**WHAT TO PRODUCE:** Copy every line from the records that holds the word "copper".

Source data:
■ ■ ■ ■ ■

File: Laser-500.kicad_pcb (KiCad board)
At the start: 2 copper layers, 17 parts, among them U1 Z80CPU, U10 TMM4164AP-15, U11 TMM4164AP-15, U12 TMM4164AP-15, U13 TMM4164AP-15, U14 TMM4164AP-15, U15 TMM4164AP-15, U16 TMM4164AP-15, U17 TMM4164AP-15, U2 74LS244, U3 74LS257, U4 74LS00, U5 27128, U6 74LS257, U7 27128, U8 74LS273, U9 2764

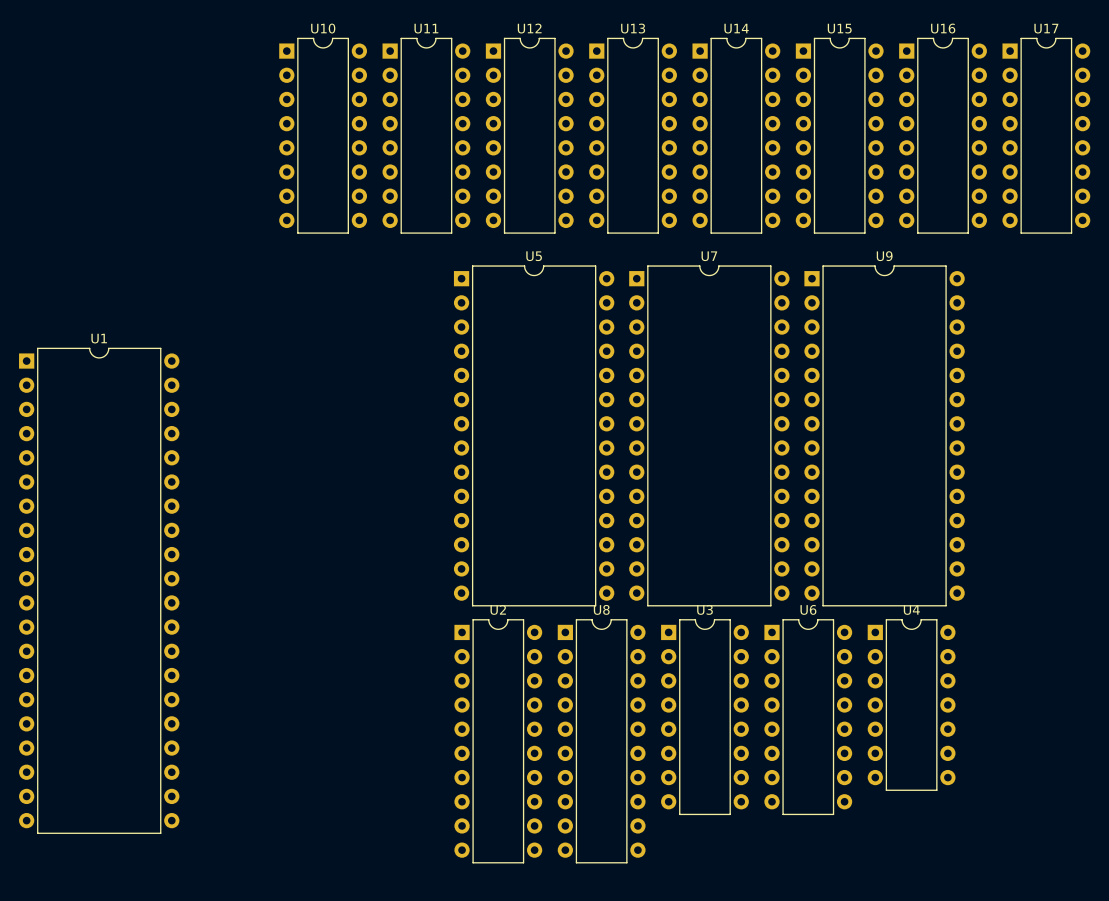
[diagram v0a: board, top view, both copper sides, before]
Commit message: Started video_cassette sch
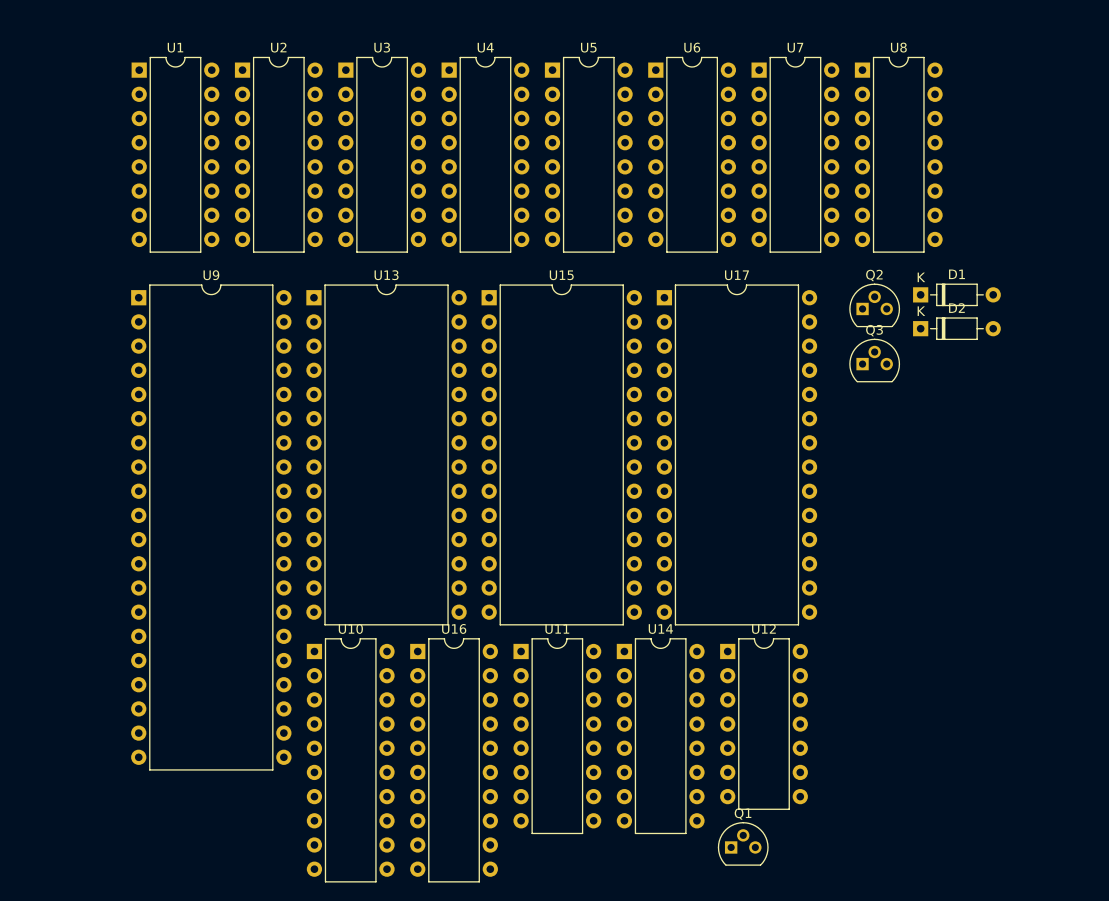
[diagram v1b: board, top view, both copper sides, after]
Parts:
- added D1: 1N4150, Diode_THT:D_DO-35_SOD27_P7.62mm_Horizontal, F.Cu at (164.1, 72.3)
- added D2: 1N4150, Diode_THT:D_DO-35_SOD27_P7.62mm_Horizontal, F.Cu at (164.1, 75.9)
- added Q1: 9018G, Package_TO_SOT_THT:TO-92, F.Cu at (144.2, 130.3)
- added Q2: 1402D, Package_TO_SOT_THT:TO-92, F.Cu at (158.0, 73.8)
- added Q3: 1402D, Package_TO_SOT_THT:TO-92, F.Cu at (158.0, 79.6)
- U1: value Z80CPU -> TMM4164AP-15; footprint Package_DIP:DIP-40_W15.24mm -> Package_DIP:DIP-16_W7.62mm
- U10: value TMM4164AP-15 -> 74LS244; footprint Package_DIP:DIP-16_W7.62mm -> Package_DIP:DIP-20_W7.62mm
- U11, U14: value TMM4164AP-15 -> 74LS257
- U12: value TMM4164AP-15 -> 74LS00; footprint Package_DIP:DIP-16_W7.62mm -> Package_DIP:DIP-14_W7.62mm
- U13, U15: value TMM4164AP-15 -> 27128; footprint Package_DIP:DIP-16_W7.62mm -> Package_DIP:DIP-28_W15.24mm
- U16: value TMM4164AP-15 -> 74LS273; footprint Package_DIP:DIP-16_W7.62mm -> Package_DIP:DIP-20_W7.62mm
- U17: value TMM4164AP-15 -> 2764; footprint Package_DIP:DIP-16_W7.62mm -> Package_DIP:DIP-28_W15.24mm
- U2: value 74LS244 -> TMM4164AP-15; footprint Package_DIP:DIP-20_W7.62mm -> Package_DIP:DIP-16_W7.62mm
- U3, U6: value 74LS257 -> TMM4164AP-15
- U4: value 74LS00 -> TMM4164AP-15; footprint Package_DIP:DIP-14_W7.62mm -> Package_DIP:DIP-16_W7.62mm
- U5, U7: value 27128 -> TMM4164AP-15; footprint Package_DIP:DIP-28_W15.24mm -> Package_DIP:DIP-16_W7.62mm
- U8: value 74LS273 -> TMM4164AP-15; footprint Package_DIP:DIP-20_W7.62mm -> Package_DIP:DIP-16_W7.62mm
- U9: value 2764 -> Z80CPU; footprint Package_DIP:DIP-28_W15.24mm -> Package_DIP:DIP-40_W15.24mm
- moved U16 81.3 mm to (111.3, 109.8)
- moved U4 74.1 mm to (114.6, 48.7)
- moved U9 70.7 mm to (82.0, 72.6)
- moved U3 68.1 mm to (103.8, 48.7)
- moved U12 67.7 mm to (143.9, 109.8)
- moved U8 66.8 mm to (158.0, 48.7)
- moved U11 64.5 mm to (122.2, 109.8)
- moved U14 63.5 mm to (133.0, 109.8)
- moved U2 63.4 mm to (92.9, 48.7)
- moved U10 63.1 mm to (100.5, 109.8)
- moved U6 60.3 mm to (136.3, 48.7)
- moved U17 44.6 mm to (137.2, 72.6)
- moved U15 42.0 mm to (118.8, 72.6)
- moved U13 39.4 mm to (100.4, 72.6)
- moved U1 32.8 mm to (82.1, 48.7)
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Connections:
- U1 pad 10: unconnected-(U1-D6-Pad10) -> MA5
- U1 pad 11: unconnected-(U1-VCC-Pad11) -> MA4
- U1 pad 12: unconnected-(U1-D2-Pad12) -> MA3
- U1 pad 13: unconnected-(U1-D7-Pad13) -> MA6
- U1 pad 14: unconnected-(U1-D0-Pad14) -> RD0
- U1 pad 15: unconnected-(U1-D1-Pad15) -> ~{CAS}
- U1 pad 16: unconnected-(U1-~{INT}-Pad16) -> <NO NET>
- U1 pad 2: unconnected-(U1-A12-Pad2) -> RD0
- U1 pad 3: unconnected-(U1-A13-Pad3) -> ~{RAMW}
- U1 pad 4: unconnected-(U1-A14-Pad4) -> ~{RAS}
- U1 pad 5: unconnected-(U1-A15-Pad5) -> MA0
- U1 pad 6: unconnected-(U1-~{CLK}-Pad6) -> MA2
- U1 pad 7: unconnected-(U1-D4-Pad7) -> MA1
- U1 pad 8: unconnected-(U1-D3-Pad8) -> +5V
- U1 pad 9: unconnected-(U1-D5-Pad9) -> MA7
- U10 pad 14: RD0 -> unconnected-(U10-O2a-Pad14)
- U10 pad 16: <NO NET> -> unconnected-(U10-O1a-Pad16)
- U10 pad 2: RD0 -> unconnected-(U10-I0a-Pad2)
- U10 pad 8: <NO NET> -> unconnected-(U10-I3a-Pad8)
- U11 pad 14: RD1 -> unconnected-(U11-I0c-Pad14)
- U11 pad 16: <NO NET> -> unconnected-(U11-VCC-Pad16)
- U11 pad 2: RD1 -> unconnected-(U11-I0a-Pad2)
- U11 pad 8: <NO NET> -> unconnected-(U11-GND-Pad8)
- U12 pad 14: RD1 -> (no net)
- U12 pad 2: RD1 -> unconnected-(U12-Pad2)
- U12 pad 7: unconnected-(U12-A1-Pad7) -> (no net)
- U12 pad 8: <NO NET> -> unconnected-(U12-Pad8)
- U13 pad 14: RD2 -> unconnected-(U13-GND-Pad14)
- U13 pad 16: <NO NET> -> unconnected-(U13-D4-Pad16)
- U13 pad 2: RD2 -> unconnected-(U13-A12-Pad2)
- U13 pad 8: <NO NET> -> unconnected-(U13-A2-Pad8)
- U14 pad 16: <NO NET> -> unconnected-(U14-VCC-Pad16)
- U14 pad 8: <NO NET> -> unconnected-(U14-GND-Pad8)
- U15 pad 16: <NO NET> -> unconnected-(U15-D4-Pad16)
- U15 pad 8: <NO NET> -> unconnected-(U15-A2-Pad8)
- U16 pad 16: <NO NET> -> unconnected-(U16-Q6-Pad16)
- U16 pad 8: <NO NET> -> unconnected-(U16-D3-Pad8)
- U17 pad 16: <NO NET> -> unconnected-(U17-D4-Pad16)
- U17 pad 8: <NO NET> -> unconnected-(U17-A2-Pad8)
- U2 pad 10: unconnected-(U2-GND-Pad10) -> MA5
- U2 pad 11: unconnected-(U2-I0b-Pad11) -> MA4
- U2 pad 12: unconnected-(U2-O3a-Pad12) -> MA3
- U2 pad 13: unconnected-(U2-I1b-Pad13) -> MA6
- U2 pad 14: unconnected-(U2-O2a-Pad14) -> RD1
- U2 pad 15: unconnected-(U2-I2b-Pad15) -> ~{CAS}
- U2 pad 16: unconnected-(U2-O1a-Pad16) -> <NO NET>
- U2 pad 2: unconnected-(U2-I0a-Pad2) -> RD1
- U2 pad 3: unconnected-(U2-O3b-Pad3) -> ~{RAMW}
- U2 pad 4: unconnected-(U2-I1a-Pad4) -> ~{RAS}
- U2 pad 5: unconnected-(U2-O2b-Pad5) -> MA0
- U2 pad 6: unconnected-(U2-I2a-Pad6) -> MA2
- U2 pad 7: unconnected-(U2-O1b-Pad7) -> MA1
- U2 pad 8: unconnected-(U2-I3a-Pad8) -> +5V
- U2 pad 9: unconnected-(U2-O0b-Pad9) -> MA7
- U3 pad 10: unconnected-(U3-I1d-Pad10) -> MA5
- U3 pad 11: unconnected-(U3-I0d-Pad11) -> MA4
- U3 pad 12: unconnected-(U3-Zc-Pad12) -> MA3
- U3 pad 13: unconnected-(U3-I1c-Pad13) -> MA6
- U3 pad 14: unconnected-(U3-I0c-Pad14) -> RD2
- U3 pad 15: unconnected-(U3-OE-Pad15) -> ~{CAS}
- U3 pad 16: unconnected-(U3-VCC-Pad16) -> <NO NET>
- U3 pad 2: unconnected-(U3-I0a-Pad2) -> RD2
- U3 pad 3: unconnected-(U3-I1a-Pad3) -> ~{RAMW}
- U3 pad 4: unconnected-(U3-Za-Pad4) -> ~{RAS}
- U3 pad 5: unconnected-(U3-I0b-Pad5) -> MA0
- U3 pad 6: unconnected-(U3-I1b-Pad6) -> MA2
- U3 pad 7: unconnected-(U3-Zb-Pad7) -> MA1
- U3 pad 8: unconnected-(U3-GND-Pad8) -> +5V
- U3 pad 9: unconnected-(U3-Zd-Pad9) -> MA7
- U4 pad 10: unconnected-(U4-Pad10) -> MA5
- U4 pad 11: unconnected-(U4-Pad11) -> MA4
- U4 pad 12: unconnected-(U4-Pad12) -> MA3
- U4 pad 13: unconnected-(U4-Pad13) -> MA6
- U4 pad 14: (no net) -> RD3
- U4 pad 2: unconnected-(U4-Pad2) -> RD3
- U4 pad 3: unconnected-(U4-Pad3) -> ~{RAMW}
- U4 pad 4: unconnected-(U4-Pad4) -> ~{RAS}
- U4 pad 5: unconnected-(U4-Pad5) -> MA0
- U4 pad 6: unconnected-(U4-Pad6) -> MA2
- U4 pad 7: (no net) -> MA1
- U4 pad 8: unconnected-(U4-Pad8) -> +5V
- U4 pad 9: unconnected-(U4-Pad9) -> MA7
- U5 pad 10: unconnected-(U5-A0-Pad10) -> MA5
- U5 pad 11: unconnected-(U5-D0-Pad11) -> MA4
- U5 pad 12: unconnected-(U5-D1-Pad12) -> MA3
- U5 pad 13: unconnected-(U5-D2-Pad13) -> MA6
- U5 pad 14: unconnected-(U5-GND-Pad14) -> RD4
- U5 pad 15: unconnected-(U5-D3-Pad15) -> ~{CAS}
- U5 pad 16: unconnected-(U5-D4-Pad16) -> <NO NET>
- U5 pad 2: unconnected-(U5-A12-Pad2) -> RD4
- U5 pad 3: unconnected-(U5-A7-Pad3) -> ~{RAMW}
- U5 pad 4: unconnected-(U5-A6-Pad4) -> ~{RAS}
- U5 pad 5: unconnected-(U5-A5-Pad5) -> MA0
- U5 pad 6: unconnected-(U5-A4-Pad6) -> MA2
- U5 pad 7: unconnected-(U5-A3-Pad7) -> MA1
- U5 pad 8: unconnected-(U5-A2-Pad8) -> +5V
- U5 pad 9: unconnected-(U5-A1-Pad9) -> MA7
- U6 pad 10: unconnected-(U6-I1d-Pad10) -> MA5
- U6 pad 11: unconnected-(U6-I0d-Pad11) -> MA4
- U6 pad 12: unconnected-(U6-Zc-Pad12) -> MA3
- U6 pad 13: unconnected-(U6-I1c-Pad13) -> MA6
- U6 pad 14: unconnected-(U6-I0c-Pad14) -> RD5
- U6 pad 15: unconnected-(U6-OE-Pad15) -> ~{CAS}
- U6 pad 16: unconnected-(U6-VCC-Pad16) -> <NO NET>
- U6 pad 2: unconnected-(U6-I0a-Pad2) -> RD5
- U6 pad 3: unconnected-(U6-I1a-Pad3) -> ~{RAMW}
- U6 pad 4: unconnected-(U6-Za-Pad4) -> ~{RAS}
- U6 pad 5: unconnected-(U6-I0b-Pad5) -> MA0
- U6 pad 6: unconnected-(U6-I1b-Pad6) -> MA2
- U6 pad 7: unconnected-(U6-Zb-Pad7) -> MA1
- U6 pad 8: unconnected-(U6-GND-Pad8) -> +5V
- U6 pad 9: unconnected-(U6-Zd-Pad9) -> MA7
- U7 pad 10: unconnected-(U7-A0-Pad10) -> MA5
- U7 pad 11: unconnected-(U7-D0-Pad11) -> MA4
- U7 pad 12: unconnected-(U7-D1-Pad12) -> MA3
- U7 pad 13: unconnected-(U7-D2-Pad13) -> MA6
- U7 pad 14: unconnected-(U7-GND-Pad14) -> RD6
- U7 pad 15: unconnected-(U7-D3-Pad15) -> ~{CAS}
- U7 pad 16: unconnected-(U7-D4-Pad16) -> <NO NET>
- U7 pad 2: unconnected-(U7-A12-Pad2) -> RD6
- U7 pad 3: unconnected-(U7-A7-Pad3) -> ~{RAMW}
- U7 pad 4: unconnected-(U7-A6-Pad4) -> ~{RAS}
- U7 pad 5: unconnected-(U7-A5-Pad5) -> MA0
- U7 pad 6: unconnected-(U7-A4-Pad6) -> MA2
- U7 pad 7: unconnected-(U7-A3-Pad7) -> MA1
- U7 pad 8: unconnected-(U7-A2-Pad8) -> +5V
- U7 pad 9: unconnected-(U7-A1-Pad9) -> MA7
- U8 pad 10: unconnected-(U8-GND-Pad10) -> MA5
- U8 pad 11: unconnected-(U8-Cp-Pad11) -> MA4
- U8 pad 12: unconnected-(U8-Q4-Pad12) -> MA3
- U8 pad 13: unconnected-(U8-D4-Pad13) -> MA6
- U8 pad 14: unconnected-(U8-D5-Pad14) -> RD7
- U8 pad 15: unconnected-(U8-Q5-Pad15) -> ~{CAS}
- U8 pad 16: unconnected-(U8-Q6-Pad16) -> <NO NET>
- U8 pad 2: unconnected-(U8-Q0-Pad2) -> RD7
- U8 pad 3: unconnected-(U8-D0-Pad3) -> ~{RAMW}
- U8 pad 4: unconnected-(U8-D1-Pad4) -> ~{RAS}
- U8 pad 5: unconnected-(U8-Q1-Pad5) -> MA0
- U8 pad 6: unconnected-(U8-Q2-Pad6) -> MA2
- U8 pad 7: unconnected-(U8-D2-Pad7) -> MA1
- U8 pad 8: unconnected-(U8-D3-Pad8) -> +5V
- U8 pad 9: unconnected-(U8-Q3-Pad9) -> MA7

■ ■ ■ ■ ■

**TASK RESULT:**
At the start: 2 copper layers, 17 parts, among them U1 Z80CPU, U10 TMM4164AP-15, U11 TMM4164AP-15, U12 TMM4164AP-15, U13 TMM4164AP-15, U14 TMM4164AP-15, U15 TMM4164AP-15, U16 TMM4164AP-15, U17 TMM4164AP-15, U2 74LS244, U3 74LS257, U4 74LS00, U5 27128, U6 74LS257, U7 27128, U8 74LS273, U9 2764
[diagram v0a: board, top view, both copper sides, before]
[diagram v1b: board, top view, both copper sides, after]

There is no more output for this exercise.